The Development of a Video Intervention to Improve Senior Medical Students' Performance on Outpatient Telephone Encounters: a Delphi Analysis and Randomized Controlled Trial
- PMID: 34178421
- PMCID: PMC8216674
- DOI: 10.1007/s40670-021-01331-w
The Development of a Video Intervention to Improve Senior Medical Students' Performance on Outpatient Telephone Encounters: a Delphi Analysis and Randomized Controlled Trial
Abstract
Introduction: Postgraduate trainees address outpatient telephone calls (OTCs) with little prior training. This study determines the skills necessary for OTCs and examines whether a video intervention improves medical students' performance on simulated OTCs.

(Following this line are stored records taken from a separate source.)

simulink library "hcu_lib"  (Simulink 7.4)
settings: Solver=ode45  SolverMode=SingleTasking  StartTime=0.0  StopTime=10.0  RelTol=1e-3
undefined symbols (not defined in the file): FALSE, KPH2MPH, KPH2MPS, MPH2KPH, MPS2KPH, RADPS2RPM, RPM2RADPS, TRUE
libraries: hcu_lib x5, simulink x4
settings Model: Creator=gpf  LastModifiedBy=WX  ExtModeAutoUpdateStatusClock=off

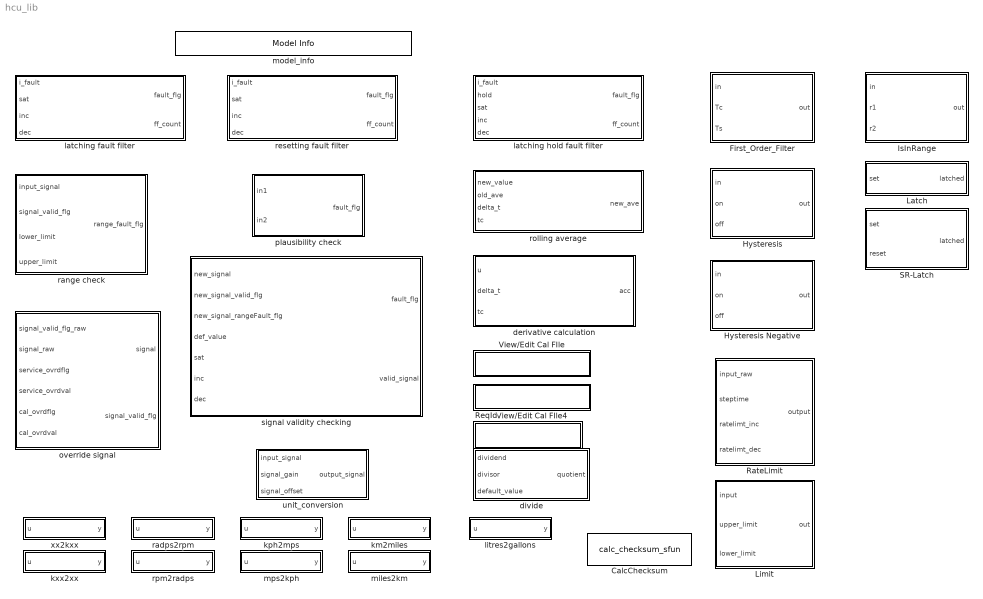
== system hcu_lib ==
  CalcChecksum : S-Function  FunctionName=calc_checksum_sfun  Parameters=seed_val  EnableBusSupport=off  mask(CalcChecksum){seed_val=40535}
      mask prompts: seed_val "seed (decimal)"
      mask help:
      | Sums the first 6 bytes on the input and returns a uint16 checksum value. The
      | input is a vector of 8 bytes (uint8).
      mask Display: fprintf('calc_checksum\nseed=%d',seed_val);
  First_Order_Filter : Subsystem  TreatAsAtomicUnit=on  RTWFileName=HCU_LIB
      settings: RTWFileNameOpts=User specified
  Hysteresis : Subsystem  TreatAsAtomicUnit=on  RTWFileName=HCU_LIB
      settings: RTWFileNameOpts=User specified
  Hysteresis Negative : Subsystem  TreatAsAtomicUnit=on  RTWFileName=HCU_LIB
      settings: RTWFileNameOpts=User specified
  IsInRange : Subsystem  TreatAsAtomicUnit=on  RTWFileName=HCU_LIB
      settings: RTWFileNameOpts=User specified
  Latch : Subsystem
  Limit : Subsystem  TreatAsAtomicUnit=on  RTWFileName=HCU_LIB
      settings: RTWFileNameOpts=User specified
  RateLimit : Subsystem  TreatAsAtomicUnit=on  RTWFileName=HCU_LIB
      settings: RTWFileNameOpts=User specified
  ReqId : Subsystem  mask(ReqId){req_str=HCU_000}
      mask prompts: req_str "Requirement:"
      mask help: Requirement Id
      mask Display: disp(sprintf('ReqId: %s',req_str));
  SR-Latch : Subsystem
  View/Edit Cal FIle : Subsystem  mask(edit){filename=foo}
      mask help:
      | Double-click to open the named file for viewing/editing.
      |
      | To set the name of the file opened, right-click on the block
      | and select Mask Parameters, and enter the name of the file,
      | which must be on the matlab path, without the .m extension.
      mask Help:
      | Double-click to open the named file for viewing/editing.
      | 
      | To set the name of the file opened, right-click on the block
      | and select Mask Parameters, and enter the name of the file,
      | which must be on the matlab path, without the .m extension.
      mask Display: disp(sprintf('Edit M-File: %s.m',filename));
  View/Edit Cal FIle4 : Subsystem  mask(run){filename=, run_on_load=off, run_on_init=off}
      mask prompts: run_on_load "run file on loading model"; run_on_init "run file on init"
      mask help:
      | Double-click to execute the named file.
      |
      | To set the name of the file, right-click on the block
      | and select Mask Parameters, and enter the name of the file,
      | which must be on the matlab path, without the .m extension.
      mask Help:
      | Double-click to execute the named file.
      | 
      | To set the name of the file, right-click on the block
      | and select Mask Parameters, and enter the name of the file,
      | which must be on the matlab path, without the .m extension.
      mask Display: disp(sprintf('Run M-File: %s.m',filename));
  derivative calculation : Subsystem  TreatAsAtomicUnit=on  RTWFileName=HCU_LIB  mask(Derative Block){lower_limit=, upper_limit=, time_const=}
      mask prompts: lower_limit "Lower Limit"; upper_limit "Upper Limit"; time_const "Time Constant"
      mask help: Derivative Calculation
      settings: RTWFileNameOpts=User specified
      mask Display: disp(['Derivative\nTC: ', get_param(gcb,'time_const'), '\nLower Limit: ', get_param(gcb, 'lower_limit'), '\nUpper Limit: ', get_param(gcb, 'upper_limit')])
  divide : Subsystem  TreatAsAtomicUnit=on  RTWFcnName=plaus_check
      settings: RTWSystemCode=Inline  RTWFcnNameOpts=User specified
      mask Type: divide
      mask Description: Performs a division operation. If the divisor is found to be between -0.00001 and +0.00001 then a failsafe value is passed to the output.
      mask Display: disp('Divide');
  km2miles : Subsystem
      mask Type: Conversion
      mask Description: Convert kilometers to miles.
      mask Display: disp('km \rightarrow mile', 'texmode', 'on')
  kph2mps : Subsystem
      mask Type: Conversion
      mask Description: Convert Kilometers per hour to Meters per second
      mask Display: disp('km/h \rightarrow m/s', 'texmode', 'on')
  kxx2xx : Subsystem
      mask Type: Conversion
      mask Description: Multiply by 1000.
      mask Display: disp('kiloxx \rightarrow xx', 'texmode', 'on')
  latching fault filter : Subsystem  TreatAsAtomicUnit=on  RTWFcnName=ff_latching  RTWFileName=HCU_LIB
      settings: RTWFcnNameOpts=User specified  RTWFileNameOpts=User specified
      mask Type: Latching Fault Filter
      mask Description: Fault filter block - Latches the fault output flag to TRUE if the input flag is repeatedly set True.
      mask Display: disp('Latching\nFault Filter')
  latching hold fault filter : Subsystem  TreatAsAtomicUnit=on  RTWFcnName=ff_latchhold  RTWFileName=HCU_LIB  mask(Latching Holdable Fault Filter){inc=, dec=, sat=}
      mask prompts: inc "increment"; dec "decrement"; sat "limit"
      mask help: Fault Filter Block - Latches output flag once set. Also fault count can be held at a value if the hold input is set.
      settings: RTWFcnNameOpts=User specified  RTWFileNameOpts=User specified
      mask Display: disp('Latching Holdable\nFault Filter')
  litres2gallons : Subsystem  mask(Conversion){UK=off}
      mask prompts: UK "UK Gallon"
      mask help: Convert litres to gallons.
      mask Display: disp('litre \rightarrow gallon', 'texmode', 'on')
  miles2km : Subsystem
      mask Type: Conversion
      mask Description: Convert kilometers to miles.
      mask Display: disp('mile \rightarrow km', 'texmode', 'on')
  model_info : simulink/Model-Wide Utilities/Model Info  SystemSampleTime=-1  InitialBlockCM=None  BlockCM=None  Frame=on  DisplayStringWithTags=$Id: hcu_lib.mdl 10 2009-03-27 10:09:46Z pgilhead $  HorizontalTextAlignment=Center  LeftAlignmentValue=0.5  SourceBlockDiagram=hcu_lib  TagMaxNumber=20
  mps2kph : Subsystem
      mask Type: Conversion
      mask Description: Convert Meters per second to Kilometers per hour
      mask Display: disp('m/s \rightarrow km/h', 'texmode', 'on')
  override signal : Subsystem  TreatAsAtomicUnit=on  RTWFcnName=srvc_ovrd  RTWFileName=HCU_LIB
      settings: RTWSystemCode=Inline  RTWFcnNameOpts=User specified  RTWFileNameOpts=User specified
      mask Type: override signal
      mask Description: Block facilitates the override of a raw input signal by another value, either from a service tool or from a calibration tool. Outputting signal valid flag from raw input except outputting signal valid flag as Valid if service tool or calibration value is used
  plausibility check : Subsystem  TreatAsAtomicUnit=on  RTWFcnName=plaus_check  RTWFileName=HCU_LIB  mask(Plausibility Check){limit=}
      mask prompts: limit "Comparison Limit"
      mask help: Plausibilty Check Block - compares the absolute difference between inputs and checks if within calibrated limit [ 0 - within limit ; 1 - greater than limit]
      settings: RTWFcnNameOpts=User specified  RTWFileNameOpts=User specified
      mask Display: disp(['Plausibility\nCheck\nLimit: ' get_param(gcb,'limit')])
  radps2rpm : Subsystem
      mask Description: Converst radians per second to revolutions per minute.
      mask Display: disp('rad/s \rightarrow rpm', 'texmode', 'on')
  range check : Subsystem  TreatAsAtomicUnit=on  RTWFcnName=range_check  RTWFileName=HCU_LIB
      settings: RTWFcnNameOpts=User specified  RTWFileNameOpts=User specified
      mask Type: Range Check
      mask Description: Performs a range check of the input signal against a defined acceptable signal range.  Outside of the defined range, an instantaneous fault flag will be set true.
      mask Display: disp('RC')
  resetting fault filter : Subsystem  TreatAsAtomicUnit=on  RTWFcnName=ff_resetting  RTWFileName=HCU_LIB
      settings: RTWFcnNameOpts=User specified  RTWFileNameOpts=User specified
      mask Type: Resetting Fault Filter
      mask Description: Fault Filter block - Will reset output fault flag after a Calibratable number of faultless inputs.
      mask Display: disp('Resetting\nFault Filter')
  rolling average : Subsystem  TreatAsAtomicUnit=on  RTWFcnName=rolav_tc  RTWFileName=HCU_LIB  mask(Rolling Average){}
      mask help:
      | Rolling Average - Time Constant.  This filter block is the first order approximation using a time constant.  Inputs include the time constant (entered through this dialogue), old_ave which is the previous average value, new_value which is the new filter to filter toward.
      |
      | The sample_interval which is elapsed time over which to perform the filter equation is computed internally - THIS BLOCK MUST BE CALLED EACH PASS to work as expected.
      settings: RTWFcnNameOpts=User specified  RTWFileNameOpts=User specified
      mask Display: disp('Rolling Average - TC')
  rpm2radps : Subsystem
      mask Description: Converts radians per second to revolutions per minute.
      mask Display: disp('rpm \rightarrow rad/s', 'texmode', 'on')
  signal validity checking : Subsystem  TreatAsAtomicUnit=on  RTWFcnName=sig_valid_check  RTWFileName=HCU_LIB
      settings: RTWFcnNameOpts=User specified  RTWFileNameOpts=User specified
      mask Type: signal validity checking
      mask Description: Block checks that the input signal is both in range and available. If either is not the case the block will temporarily output the last valid value or, after confirming a longer term fault, will output a default value (Calibratable). If the input signal continues to be faulty the fault flag output will be set after a calibratable number of failing values.
  unit_conversion : Subsystem  TreatAsAtomicUnit=on  RTWFcnName=unit_conversion
      settings: RTWSystemCode=Inline  RTWFcnNameOpts=User specified
      mask Description: Unit Conversion
  xx2kxx : Subsystem
      mask Type: Conversion
      mask Description: Divides by 1000.
      mask Display: disp('xx \rightarrow kiloxx', 'texmode', 'on')

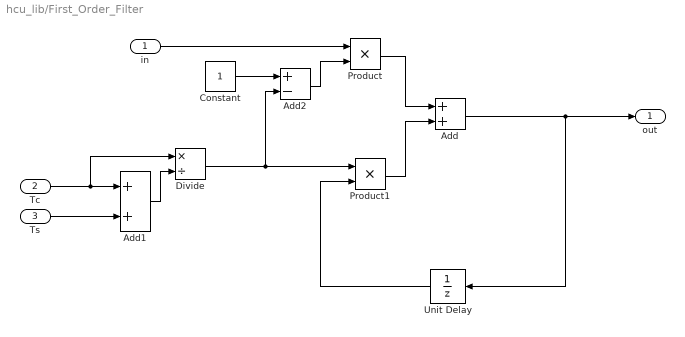
== system hcu_lib/First_Order_Filter ==
  in : Inport
  Tc : Inport  Port=2
  Ts : Inport  Port=3
  Add : Sum  OutDataType=fixdt(1, 16)  OutScaling=2^-10
  Add1 : Sum  OutDataType=fixdt(1, 16)  OutScaling=2^-10
  Add2 : Sum  Inputs=+-  OutDataType=fixdt(1, 16)  OutScaling=2^-10
  Constant : Constant  OutDataTypeMode=single  OutDataType=fixdt(1, 16)  OutScaling=2^0  OutDataTypeStr=single
  Divide : Product  Inputs=*/  OutDataType=fixdt(1, 16)  OutScaling=2^-10
  Product : Product  OutDataType=fixdt(1, 16)  OutScaling=2^0  RndMeth=Zero
  Product1 : Product  OutDataType=fixdt(1, 16)  OutScaling=2^0  RndMeth=Zero
  Unit Delay : UnitDelay  SampleTime=-1
  out : Outport
  wires:
  Unit Delay/1 -> Product1/2
  Tc/1 -> Add1/1, Divide/1
  Ts/1 -> Add1/2
  Add1/1 -> Divide/2
  Constant/1 -> Add2/1
  Divide/1 -> Add2/2, Product1/1
  in/1 -> Product/1
  Add2/1 -> Product/2
  Product/1 -> Add/1
  Product1/1 -> Add/2
  Add/1 -> out/1, Unit Delay/1

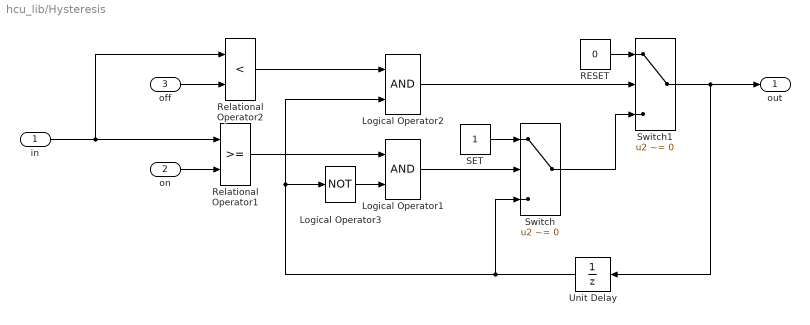
== system hcu_lib/Hysteresis ==
  in : Inport
  on : Inport  Port=2
  off : Inport  Port=3
  Logical Operator1 : Logic  AllPortsSameDT=off  OutDataTypeMode=boolean  LogicDataType=fixdt(0, 8)  OutDataTypeStr=boolean
  Logical Operator2 : Logic  AllPortsSameDT=off  OutDataTypeMode=boolean  LogicDataType=fixdt(0, 8)  OutDataTypeStr=boolean
  Logical Operator3 : Logic  Operator=NOT  AllPortsSameDT=off  OutDataTypeMode=boolean  LogicDataType=fixdt(0, 8)  OutDataTypeStr=boolean
  RESET : Constant  Value=0  OutDataTypeMode=boolean  OutDataType=fixdt(1, 16)  OutScaling=2^0  OutDataTypeStr=boolean
  Relational Operator1 : RelationalOperator  LogicOutDataTypeMode=boolean  LogicDataType=fixdt(0, 8)  OutDataTypeStr=boolean
  Relational Operator2 : RelationalOperator  Operator=<  LogicOutDataTypeMode=boolean  LogicDataType=fixdt(0, 8)  OutDataTypeStr=boolean
  SET : Constant  OutDataTypeMode=boolean  OutDataType=fixdt(1, 16)  OutScaling=2^0  OutDataTypeStr=boolean
  Switch : Switch  Criteria=u2 ~= 0  OutDataType=fixdt(1, 16)  OutScaling=2^0
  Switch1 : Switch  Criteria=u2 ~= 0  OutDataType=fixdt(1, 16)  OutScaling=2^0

Materials and methods: We utilized a Delphi technique to determine skills needed for OTCs and created a 9-min video teaching these skills. Senior medical students were randomized to Intervention (viewed video) and Control (did not view video) groups. Students were assessed pre-/post-intervention on simulated OTCs. The primary outcome was the between-group difference in improvement.
Results: The Delphi yielded 34 important skills with the highest focus on communication (n = 13) and triage (n = 6). Seventy-two students completed assessments (Control, n = 41; Intervention, n = 31). The score (mean ± SD) improved 4.3% in the Control group (62.3 ± 14.3% to 66.6 ± 25.0%) and 12.2% in the Intervention group (60.7 ± 15.2% to 72.9 ± 20.4%, p = 0.15). The effect size measured by Cohen's d was 0.55, considered effective (> 0.33) for an educational intervention.
Conclusions: This project fills a gap in OTC training. The use of the Delphi technique, intervention development based on the results, and evaluation of efficacy is a process that could be reproduced for other educational gaps.
Supplementary information: The online version contains supplementary material available at 10.1007/s40670-021-01331-w.
Keywords: Delphi technique; Mock paging; Randomized controlled trial; Residency preparation course; Transition to residency.
© International Association of Medical Science Educators 2021.
Conflict of interest statement
Conflict of InterestThe authors declare no competing interests.